The plan of merger may contain other provisions relating to the merger.

(b)       In the case of a merging domestic limited partnership, the plan of merger must be approved in the manner provided in a written partnership agreement that is binding on all the partners for approval of a merger with the type of business entity contemplated in the plan of merger or, if there is no provision, by the unanimous consent of its partners.  In the case of each other merging business entity, the plan of merger must be approved in accordance with the laws of the state or country governing the organization and internal affairs of the merging business entity.

(c)       After a plan of merger has been approved by a domestic limited partnership, but before the articles of merger become effective, the plan of merger (i) may be amended as provided in the plan of merger, or (ii) may be abandoned (subject to any contractual rights) as provided in the plan of merger or a written partnership agreement that is binding on all the partners or, if there is no such provision, as determined by the unanimous consent of the partners.

"§ 59-l013.  Articles of merger.

(a)       After a plan of merger has been approved by each merging domestic limited partnership and each other merging business entity as provided in G.S. 59-1012, the surviving business entity shall deliver articles of merger to the Secretary of State for filing.  The articles of merger shall set forth:

(1)       The plan of merger;

(2)       For each merging business entity, its name, type of business entity, and the state or country whose laws govern its organization and internal affairs;

(3)       The name and address of the surviving business entity;

(4)       A statement that the plan of merger has been approved by each merging business entity in the manner required by law; and

(5)       The effective date and time of the merger if it is not to be effective at the time of filing of the articles of merger.

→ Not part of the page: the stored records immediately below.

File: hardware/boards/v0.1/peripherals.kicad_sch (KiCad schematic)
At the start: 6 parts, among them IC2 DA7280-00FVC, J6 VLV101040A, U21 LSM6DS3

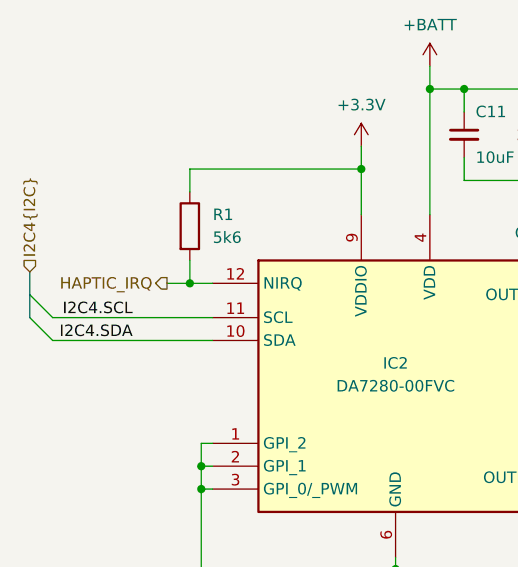
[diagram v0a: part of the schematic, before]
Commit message: chore: make ERC happy
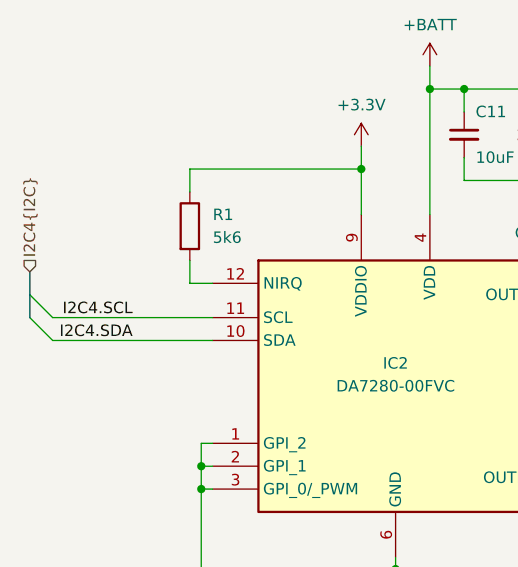
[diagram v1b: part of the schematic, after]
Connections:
- net HAPTIC_IRQ: no longer names the net of IC2.12 (NIRQ), R1.2
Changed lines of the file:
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@@
-	)
-	(junction
-		(at 39.37 49.53)
-		(diameter 0)
-		(color 0 0 0 0)
 	)
 	(junction
@@
 		(pts
 			(xy 40.64 81.28) (xy 62.23 81.28)
-		)
-		(stroke
-			(width 0)
-			(type default)
-		)
-	)
-	(wire
-		(pts
-			(xy 36.83 49.53) (xy 39.37 49.53)
 		)
 		(stroke
@@
 		)
 	)
-	(hierarchical_label "HAPTIC_IRQ"
-		(shape output)
-		(at 36.83 49.53 180)
-		(effects
-			(font
-				(size 1.27 1.27)
-				(thickness 0.1588)
-			)
-			(justify right)
-		)
-	)

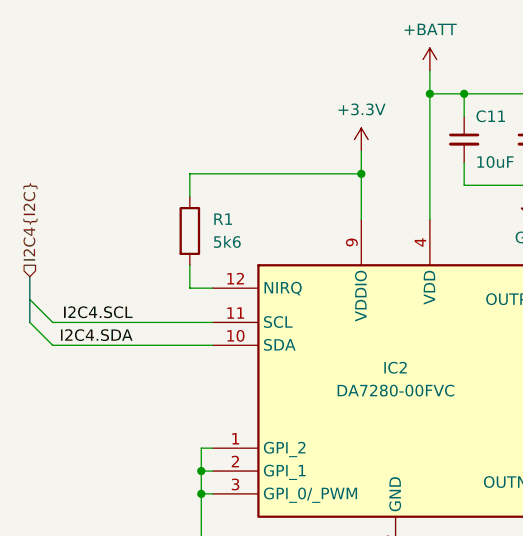
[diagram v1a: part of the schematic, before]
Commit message: feat: clean up routing, remove metronome light
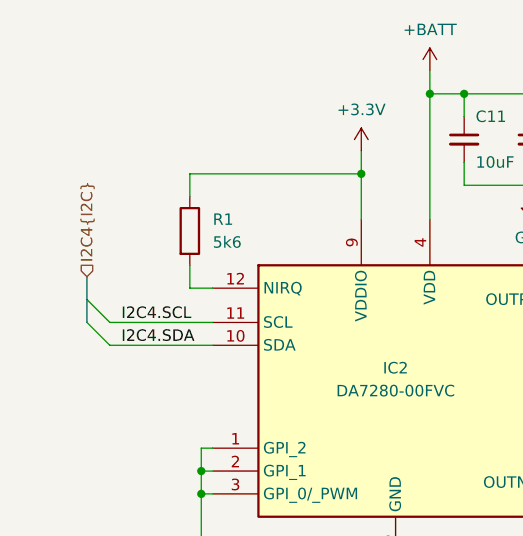
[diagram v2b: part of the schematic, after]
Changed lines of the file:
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@@
 	)
 	(bus_entry
-		(at 24.13 55.88)
+		(at 30.48 55.88)
 		(size -2.54 -2.54)
 		(stroke
@@
 	)
 	(bus_entry
-		(at 24.13 53.34)
+		(at 30.48 53.34)
 		(size -2.54 -2.54)
 		(stroke
@@
 	(wire
 		(pts
-			(xy 24.13 53.34) (xy 41.91 53.34)
+			(xy 30.48 53.34) (xy 41.91 53.34)
 		)
 		(stroke
@@
 	(wire
 		(pts
-			(xy 24.13 55.88) (xy 41.91 55.88)
+			(xy 30.48 55.88) (xy 41.91 55.88)
 		)
 		(stroke
@@
 	(bus
 		(pts
-			(xy 21.59 48.26) (xy 21.59 50.8)
+			(xy 27.94 48.26) (xy 27.94 50.8)
 		)
 		(stroke
@@
 	(bus
 		(pts
-			(xy 21.59 50.8) (xy 21.59 53.34)
+			(xy 27.94 50.8) (xy 27.94 53.34)
 		)
 		(stroke
@@
 	)
 	(label "I2C4.SCL"
-		(at 33.02 53.34 180)
+		(at 31.75 53.34 0)
 		(effects
 			(font
 				(size 1.27 1.27)
 			)
-			(justify right bottom)
+			(justify left bottom)
 		)
 	)
@@
 	)
 	(label "I2C4.SDA"
-		(at 33.02 55.88 180)
+		(at 31.75 55.88 0)
 		(effects
 			(font
 				(size 1.27 1.27)
 			)
-			(justify right bottom)
+			(justify left bottom)
 		)
 	)
@@
 	(hierarchical_label "I2C4{I2C}"
 		(shape input)
-		(at 21.59 48.26 90)
+		(at 27.94 48.26 90)
 		(effects
 			(font
@@
 			)
 		)
-		(property "Datasheet" "https://www.dialog-semiconductor.com/sites/default/files/da7280_datasheet_3v0.pdf"
+		(property "Datasheet" "https://www.renesas.com/en/document/dst/da7280-datasheet?language=en&utm_nooverride=1"
 			(at 99.06 246.99 0)
 			(effects

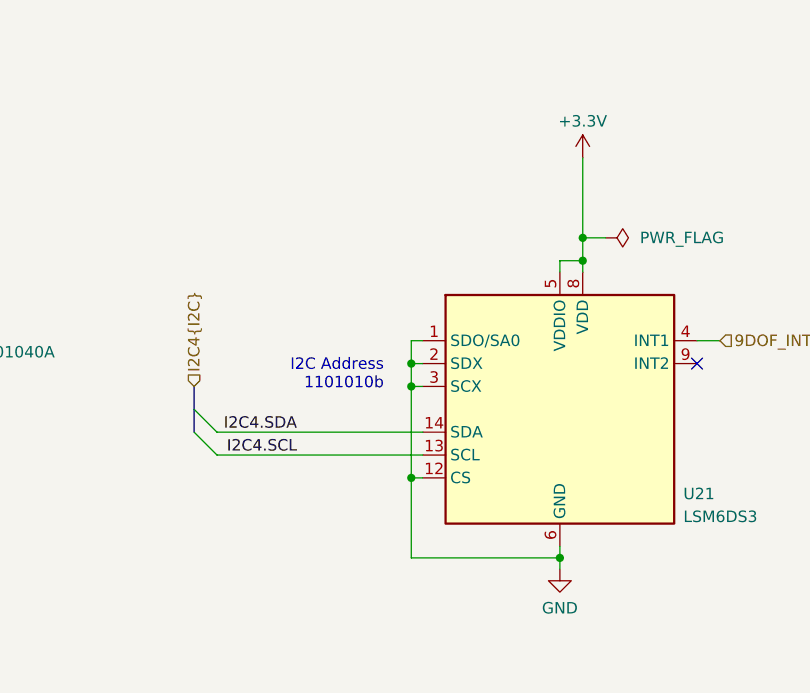
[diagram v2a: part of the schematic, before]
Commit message: feat: routing cleanup and start of BOM selection
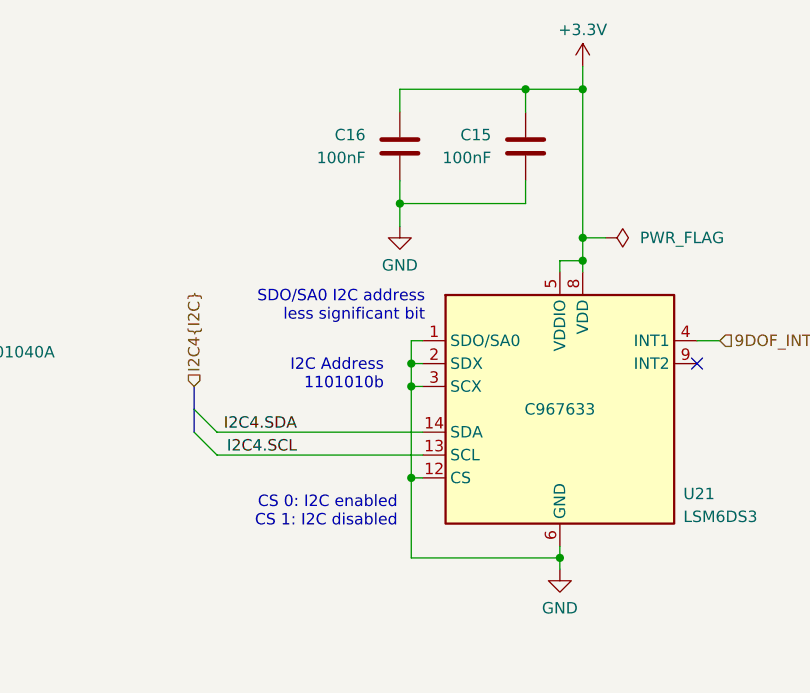
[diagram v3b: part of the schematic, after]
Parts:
- added C15, C16: 100nF, Capacitor_SMD:C_0603_1608Metric, symbol Device:C
- IC2: JLC (none) -> C2155359
- U21: JLC (none) -> C967633
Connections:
- net +3.3V: now also C15.1, C16.1
- net GND: now also C15.2, C16.2
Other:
- note added: "CS 0: I2C enabled CS 1: I2C disabled"
- note added: "SDO/SA0 I2C address less significant bit"

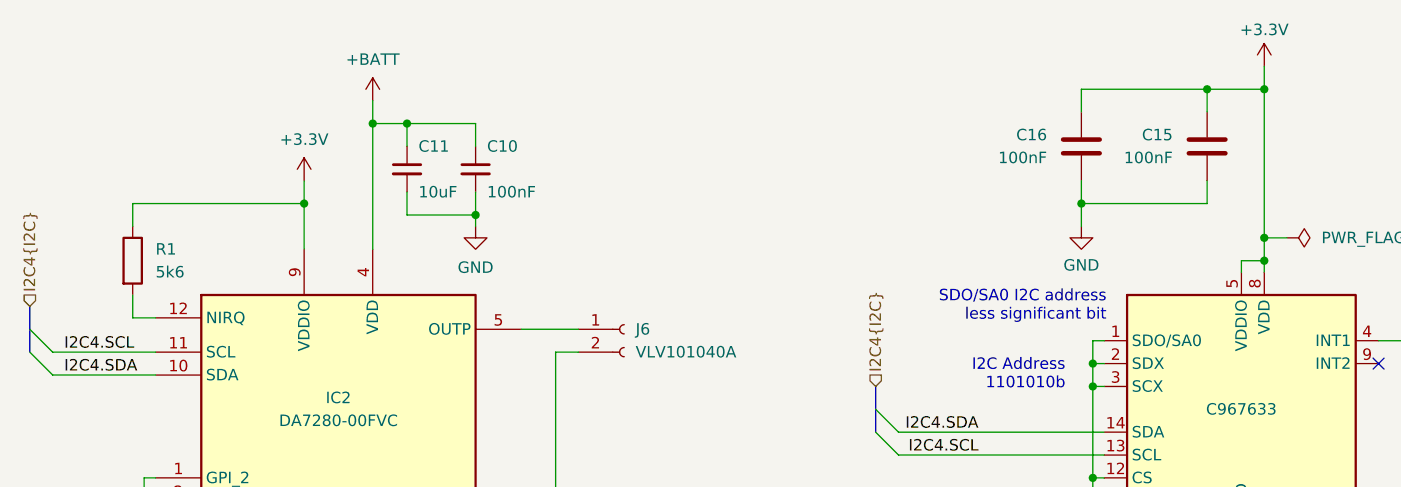
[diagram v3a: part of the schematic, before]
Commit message: feat: update various components to 0402
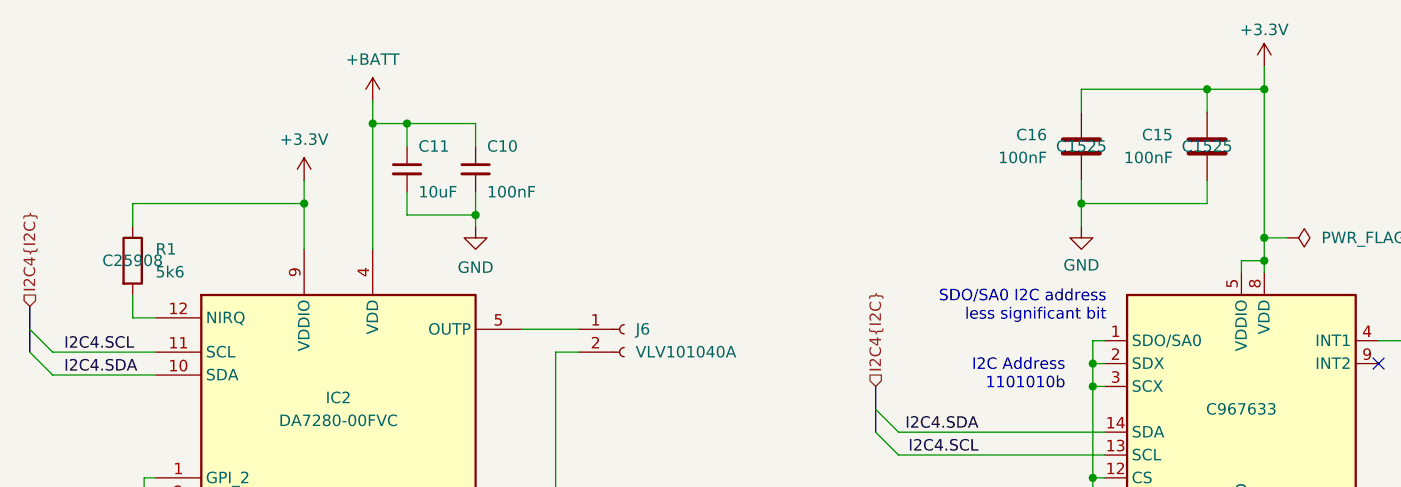
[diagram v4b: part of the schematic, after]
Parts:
- C10: footprint Capacitor_SMD:C_0603_1608Metric -> Capacitor_SMD:C_0402_1005Metric; JLC (none) -> C1525
- C11: footprint (none) -> Capacitor_SMD:C_0402_1005Metric
- C15, C16: JLC (none) -> C1525
- IC2: Mouser Part Number 724-DA7280-00FVC -> (none); Mouser Price/Stock https://www.mouser.co.uk/ProductDetail/Renesas-Dialog/DA728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 -> (none)
- R1: footprint Resistor_SMD:R_0603_1608Metric -> Resistor_SMD:R_0402_1005Metric; JLC (none) -> C25908
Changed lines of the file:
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@@
 			)
 		)
-		(property "Footprint" "Resistor_SMD:R_0603_1608Metric"
+		(property "Footprint" "Resistor_SMD:R_0402_1005Metric"
 			(at 37.592 43.18 90)
 			(effects
@@
 		)
 		(property "Connector" ""
+			(at 39.37 43.18 0)
+			(effects
+				(font
+					(size 1.27 1.27)
+				)
+			)
+		)
+		(property "JLC" "C25908"
 			(at 39.37 43.18 0)
 			(effects
@@
 			)
 		)
+		(property "JLC" "C1525"
+			(at 144.78 30.48 0)
+			(effects
+				(font
+					(size 1.27 1.27)
+				)
+			)
+		)
 		(pin "1"
 		)
@@
 			)
 		)
-		(property "Mouser Part Number" "724-DA7280-00FVC"
-			(at 99.06 546.99 0)
-			(effects
-				(font
-					(size 1.27 1.27)
-				)
-				(justify left top)
-				(hide yes)
-			)
-		)
-		(property "Mouser Price/Stock" "https://www.mouser.co.uk/ProductDetail/Renesas-Dialog/DA7280-00FVC?qs=byeeYqUIh0PDtQ9ScBbgLA%3D%3D"
-			(at 99.06 646.99 0)
-			(effects
-				(font
-					(size 1.27 1.27)
-				)
-				(justify left top)
-				(hide yes)
-			)
-		)
 		(property "Manufacturer_Name" "Renesas Electronics"
 			(at 99.06 746.99 0)
@@
 			)
 		)
-		(property "Arrow Part Number" ""
-			(at 162.56 59.69 0)
-			(effects
-				(font
-					(size 1.27 1.27)
-				)
-			)
-		)
-		(property "Arrow Price/Stock" ""
-			(at 162.56 59.69 0)
-			(effects
-				(font
-					(size 1.27 1.27)
-				)
-			)
-		)
 		(property "MANUFACTURER" ""
 			(at 162.56 59.69 0)
@@
 		)
 		(property "MAXIMUM_PACKAGE_HEIGHT" ""
-			(at 162.56 59.69 0)
-			(effects
-				(font
-					(size 1.27 1.27)
-				)
-			)
-		)
-		(property "PARTREV" ""
-			(at 162.56 59.69 0)
-			(effects
-				(font
-					(size 1.27 1.27)
-				)
-			)
-		)
-		(property "STANDARD" ""
 			(at 162.56 59.69 0)
 			(effects
@@
 			)
 		)
-		(property "Footprint" "Capacitor_SMD:C_0603_1608Metric"
+		(property "Footprint" "Capacitor_SMD:C_0402_1005Metric"
 			(at 77.47 33.02 0)
 			(effects
@@
 					(size 1.27 1.27)
 				)
+			)
+		)
+		(property "JLC" "C1525"
+			(at 77.47 33.02 0)
+			(effects
+				(font
+					(size 1.27 1.27)
+				)
+				(hide yes)
 			)
 		)
@@
 			)
 		)
+		(property "JLC" "C1525"
+			(at 158.75 30.48 0)
+			(effects
+				(font
+					(size 1.27 1.27)
+				)
+			)
+		)
 		(pin "1"
 		)
@@
 			)
 		)
-		(property "Footprint" ""
+		(property "Footprint" "Capacitor_SMD:C_0402_1005Metric"
 			(at 69.85 33.02 0)
 			(effects
@@
 			)
 		)
+		(property "JLC" ""
+			(at 69.85 33.02 0)
+			(effects
+				(font
+					(size 1.27 1.27)
+				)
+				(hide yes)
+			)
+		)

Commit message: feat: various routing cleanup, add SD flash
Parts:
- C11: JLC (none) -> C15525
- C15, C16: footprint Capacitor_SMD:C_0603_1608Metric -> Capacitor_SMD:C_0402_1005Metric
- J6: now left out of the parts list
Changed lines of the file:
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@@
+			)
+		)
+		(property "Part" ""
+			(at 39.37 43.18 0)
+			(effects
+				(font
+					(size 1.27 1.27)
+				)
 			)
 		)
@@
 			)
 		)
-		(property "Footprint" "Capacitor_SMD:C_0603_1608Metric"
+		(property "Footprint" "Capacitor_SMD:C_0402_1005Metric"
 			(at 143.8148 34.29 0)
 			(effects
@@
 			)
 		)
+		(property "Part" ""
+			(at 144.78 30.48 0)
+			(effects
+				(font
+					(size 1.27 1.27)
+				)
+			)
+		)
 		(pin "1"
 		)
@@
 			)
 		)
+		(property "Part" ""
+			(at 62.23 59.69 0)
+			(effects
+				(font
+					(size 1.27 1.27)
+				)
+			)
+		)
 		(pin "1"
 		)
@@
 		)
 		(property "Connector" ""
+			(at 162.56 59.69 0)
+			(effects
+				(font
+					(size 1.27 1.27)
+				)
+			)
+		)
+		(property "Part" ""
 			(at 162.56 59.69 0)
 			(effects
@@
 			)
 		)
+		(property "Part" ""
+			(at 77.47 33.02 0)
+			(effects
+				(font
+					(size 1.27 1.27)
+				)
+			)
+		)
 		(pin "1"
 		)
@@
 			)
 		)
-		(property "Footprint" "Capacitor_SMD:C_0603_1608Metric"
+		(property "Footprint" "Capacitor_SMD:C_0402_1005Metric"
 			(at 157.7848 34.29 0)
 			(effects
@@
 		)
 		(property "JLC" "C1525"
+			(at 158.75 30.48 0)
+			(effects
+				(font
+					(size 1.27 1.27)
+				)
+			)
+		)
+		(property "Part" ""
 			(at 158.75 30.48 0)
 			(effects
@@
 			)
 		)
-		(property "JLC" ""
+		(property "JLC" "C15525"
 			(at 69.85 33.02 0)
 			(effects
@@
 				)
 				(hide yes)
+			)
+		)
+		(property "Part" ""
+			(at 69.85 33.02 0)
+			(effects
+				(font
+					(size 1.27 1.27)
+				)
 			)
 		)
@@
 		(unit 1)
 		(exclude_from_sim no)
-		(in_bom yes)
+		(in_bom no)
 		(on_board yes)
 		(dnp no)
@@
 			)
 		)
+		(property "Part" ""
+			(at 93.98 50.8 0)
+			(effects
+				(font
+					(size 1.27 1.27)
+				)
+			)
+		)

If the plan of merger is amended or abandoned before the articles of merger become effective, the surviving business entity promptly shall deliver to the Secretary of State for filing an amendment to the articles of merger reflecting the amendment or abandonment of the plan of merger.

(b)       A merger takes effect when the articles of merger become effective.

(c)       Certificates of merger shall also be registered as provided in G.S. 47-18.1.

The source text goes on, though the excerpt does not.